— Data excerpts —

========

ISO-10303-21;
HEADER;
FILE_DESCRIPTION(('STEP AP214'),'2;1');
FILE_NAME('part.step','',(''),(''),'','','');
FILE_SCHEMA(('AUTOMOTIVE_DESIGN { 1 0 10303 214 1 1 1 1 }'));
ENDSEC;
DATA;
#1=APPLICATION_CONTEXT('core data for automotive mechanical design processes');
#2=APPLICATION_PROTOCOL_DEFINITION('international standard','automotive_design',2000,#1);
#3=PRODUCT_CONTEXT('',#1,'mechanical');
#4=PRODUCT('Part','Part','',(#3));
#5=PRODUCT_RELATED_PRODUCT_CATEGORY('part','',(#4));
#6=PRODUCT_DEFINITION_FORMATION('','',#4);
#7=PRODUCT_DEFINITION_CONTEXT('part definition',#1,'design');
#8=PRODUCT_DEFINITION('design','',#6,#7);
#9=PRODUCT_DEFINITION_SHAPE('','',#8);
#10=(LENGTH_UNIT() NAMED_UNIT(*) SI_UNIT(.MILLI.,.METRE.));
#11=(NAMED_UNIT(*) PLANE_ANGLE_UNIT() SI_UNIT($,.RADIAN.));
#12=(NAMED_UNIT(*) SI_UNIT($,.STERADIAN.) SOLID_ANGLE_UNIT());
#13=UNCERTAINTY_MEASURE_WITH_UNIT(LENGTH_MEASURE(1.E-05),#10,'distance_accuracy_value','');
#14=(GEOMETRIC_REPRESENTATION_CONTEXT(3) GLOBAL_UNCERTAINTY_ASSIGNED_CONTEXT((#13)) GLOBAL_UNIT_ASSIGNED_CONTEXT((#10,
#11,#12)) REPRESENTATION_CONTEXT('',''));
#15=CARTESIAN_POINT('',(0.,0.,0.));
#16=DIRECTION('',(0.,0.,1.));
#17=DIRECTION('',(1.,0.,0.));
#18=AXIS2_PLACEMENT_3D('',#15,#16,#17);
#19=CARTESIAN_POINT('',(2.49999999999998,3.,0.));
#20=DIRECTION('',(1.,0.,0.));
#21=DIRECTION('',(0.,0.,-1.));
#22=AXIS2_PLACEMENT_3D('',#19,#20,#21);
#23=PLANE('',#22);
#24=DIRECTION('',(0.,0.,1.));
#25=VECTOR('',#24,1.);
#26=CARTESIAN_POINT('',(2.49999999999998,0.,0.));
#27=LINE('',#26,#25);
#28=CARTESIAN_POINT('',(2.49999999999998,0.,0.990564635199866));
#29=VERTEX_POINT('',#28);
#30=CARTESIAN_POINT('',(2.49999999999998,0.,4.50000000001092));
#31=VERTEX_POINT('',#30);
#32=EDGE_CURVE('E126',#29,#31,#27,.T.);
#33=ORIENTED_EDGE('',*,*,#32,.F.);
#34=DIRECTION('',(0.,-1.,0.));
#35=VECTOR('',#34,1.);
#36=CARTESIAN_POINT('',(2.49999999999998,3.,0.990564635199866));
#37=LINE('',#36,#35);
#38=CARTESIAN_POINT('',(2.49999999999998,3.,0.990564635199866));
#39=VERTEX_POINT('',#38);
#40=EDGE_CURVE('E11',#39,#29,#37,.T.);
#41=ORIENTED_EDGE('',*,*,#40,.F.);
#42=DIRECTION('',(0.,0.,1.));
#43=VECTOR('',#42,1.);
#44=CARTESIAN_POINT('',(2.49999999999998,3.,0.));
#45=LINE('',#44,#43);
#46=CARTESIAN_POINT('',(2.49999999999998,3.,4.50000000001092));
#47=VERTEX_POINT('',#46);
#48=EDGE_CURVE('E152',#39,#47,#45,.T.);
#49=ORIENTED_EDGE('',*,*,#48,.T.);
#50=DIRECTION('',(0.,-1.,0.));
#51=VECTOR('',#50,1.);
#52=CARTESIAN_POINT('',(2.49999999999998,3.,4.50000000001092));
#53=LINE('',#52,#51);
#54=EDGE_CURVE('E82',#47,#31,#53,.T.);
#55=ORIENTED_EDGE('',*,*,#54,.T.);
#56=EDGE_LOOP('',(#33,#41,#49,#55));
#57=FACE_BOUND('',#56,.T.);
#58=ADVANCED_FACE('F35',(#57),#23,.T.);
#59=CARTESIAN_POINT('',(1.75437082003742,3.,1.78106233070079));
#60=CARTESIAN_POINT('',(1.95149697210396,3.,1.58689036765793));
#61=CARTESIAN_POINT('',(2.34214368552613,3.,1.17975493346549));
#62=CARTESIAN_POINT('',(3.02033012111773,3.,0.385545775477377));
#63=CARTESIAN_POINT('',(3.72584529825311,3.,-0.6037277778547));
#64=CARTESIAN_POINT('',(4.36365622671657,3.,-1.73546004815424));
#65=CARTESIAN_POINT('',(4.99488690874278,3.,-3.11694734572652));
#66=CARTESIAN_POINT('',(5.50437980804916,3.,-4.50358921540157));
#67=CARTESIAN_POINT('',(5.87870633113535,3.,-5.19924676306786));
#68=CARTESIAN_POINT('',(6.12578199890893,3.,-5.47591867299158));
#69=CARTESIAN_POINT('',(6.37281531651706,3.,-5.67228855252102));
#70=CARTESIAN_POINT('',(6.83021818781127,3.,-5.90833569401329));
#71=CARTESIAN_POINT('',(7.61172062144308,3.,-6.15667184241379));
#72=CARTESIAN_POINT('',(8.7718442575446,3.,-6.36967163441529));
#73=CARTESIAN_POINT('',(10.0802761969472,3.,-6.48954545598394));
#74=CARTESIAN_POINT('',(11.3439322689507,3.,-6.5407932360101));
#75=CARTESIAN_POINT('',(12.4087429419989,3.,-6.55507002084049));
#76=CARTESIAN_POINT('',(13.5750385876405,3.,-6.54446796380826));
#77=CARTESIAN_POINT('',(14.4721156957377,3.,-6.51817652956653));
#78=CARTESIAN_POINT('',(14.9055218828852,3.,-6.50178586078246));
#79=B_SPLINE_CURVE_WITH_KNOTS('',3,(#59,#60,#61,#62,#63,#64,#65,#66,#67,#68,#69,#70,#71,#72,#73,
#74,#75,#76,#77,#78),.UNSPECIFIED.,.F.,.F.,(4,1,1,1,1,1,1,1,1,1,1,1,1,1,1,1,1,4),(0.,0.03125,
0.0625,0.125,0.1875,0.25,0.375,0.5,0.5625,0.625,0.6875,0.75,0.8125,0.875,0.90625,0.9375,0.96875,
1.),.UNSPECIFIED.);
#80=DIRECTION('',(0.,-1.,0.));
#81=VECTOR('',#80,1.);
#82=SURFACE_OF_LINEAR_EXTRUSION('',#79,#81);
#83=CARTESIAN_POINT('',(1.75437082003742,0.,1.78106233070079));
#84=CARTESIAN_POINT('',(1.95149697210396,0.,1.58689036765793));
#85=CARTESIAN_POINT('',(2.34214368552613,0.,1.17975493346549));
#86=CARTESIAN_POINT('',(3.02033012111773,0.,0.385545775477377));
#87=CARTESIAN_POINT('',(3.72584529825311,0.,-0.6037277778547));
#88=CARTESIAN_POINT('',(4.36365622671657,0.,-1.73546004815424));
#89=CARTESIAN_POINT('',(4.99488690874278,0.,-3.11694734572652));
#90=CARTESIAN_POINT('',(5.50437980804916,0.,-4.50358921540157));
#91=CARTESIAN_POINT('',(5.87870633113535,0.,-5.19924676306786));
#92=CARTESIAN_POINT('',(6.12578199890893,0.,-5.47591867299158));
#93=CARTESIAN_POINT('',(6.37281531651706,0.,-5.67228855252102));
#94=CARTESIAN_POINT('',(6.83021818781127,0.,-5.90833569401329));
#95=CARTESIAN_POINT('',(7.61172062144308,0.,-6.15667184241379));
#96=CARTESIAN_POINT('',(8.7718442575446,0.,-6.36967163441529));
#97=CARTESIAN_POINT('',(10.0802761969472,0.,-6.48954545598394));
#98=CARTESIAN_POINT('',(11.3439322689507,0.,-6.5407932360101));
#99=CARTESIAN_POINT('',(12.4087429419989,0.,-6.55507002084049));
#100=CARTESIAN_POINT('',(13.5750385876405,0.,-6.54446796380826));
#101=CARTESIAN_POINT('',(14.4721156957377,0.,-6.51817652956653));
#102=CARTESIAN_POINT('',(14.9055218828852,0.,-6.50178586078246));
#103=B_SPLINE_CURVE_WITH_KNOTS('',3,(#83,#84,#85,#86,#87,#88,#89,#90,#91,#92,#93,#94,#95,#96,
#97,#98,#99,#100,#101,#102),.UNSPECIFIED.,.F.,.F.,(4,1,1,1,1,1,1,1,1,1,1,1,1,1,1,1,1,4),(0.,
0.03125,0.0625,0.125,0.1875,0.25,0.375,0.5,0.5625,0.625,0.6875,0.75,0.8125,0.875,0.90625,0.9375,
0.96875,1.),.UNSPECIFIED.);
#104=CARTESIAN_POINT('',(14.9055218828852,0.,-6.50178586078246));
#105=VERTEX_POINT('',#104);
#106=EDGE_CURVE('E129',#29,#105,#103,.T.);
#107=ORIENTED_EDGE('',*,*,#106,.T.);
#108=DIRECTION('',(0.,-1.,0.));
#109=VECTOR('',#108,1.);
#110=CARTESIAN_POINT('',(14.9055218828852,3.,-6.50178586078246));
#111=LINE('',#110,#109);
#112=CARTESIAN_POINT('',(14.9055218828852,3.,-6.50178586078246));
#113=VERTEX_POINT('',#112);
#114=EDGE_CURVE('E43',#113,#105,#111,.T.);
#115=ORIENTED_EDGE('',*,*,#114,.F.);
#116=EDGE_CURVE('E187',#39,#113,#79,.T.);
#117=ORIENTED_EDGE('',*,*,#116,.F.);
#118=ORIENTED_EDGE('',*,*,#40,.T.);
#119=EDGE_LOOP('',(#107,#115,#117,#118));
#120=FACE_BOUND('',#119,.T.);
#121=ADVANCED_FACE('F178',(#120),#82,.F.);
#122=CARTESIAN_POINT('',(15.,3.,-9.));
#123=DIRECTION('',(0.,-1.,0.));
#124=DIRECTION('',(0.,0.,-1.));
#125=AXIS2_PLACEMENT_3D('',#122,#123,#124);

========

— Required action —
One stretch of the lines above is wanted, from the line that contains "#6=PRODUCT_DEFINITION_FORMATION('','',#4);" through the line that contains "#10=(LENGTH_UNIT() NAMED_UNIT(*) SI_UNIT(.MILLI.,.METRE.));". Output it exactly.

— Exercise response —
#6=PRODUCT_DEFINITION_FORMATION('','',#4);
#7=PRODUCT_DEFINITION_CONTEXT('part definition',#1,'design');
#8=PRODUCT_DEFINITION('design','',#6,#7);
#9=PRODUCT_DEFINITION_SHAPE('','',#8);
#10=(LENGTH_UNIT() NAMED_UNIT(*) SI_UNIT(.MILLI.,.METRE.));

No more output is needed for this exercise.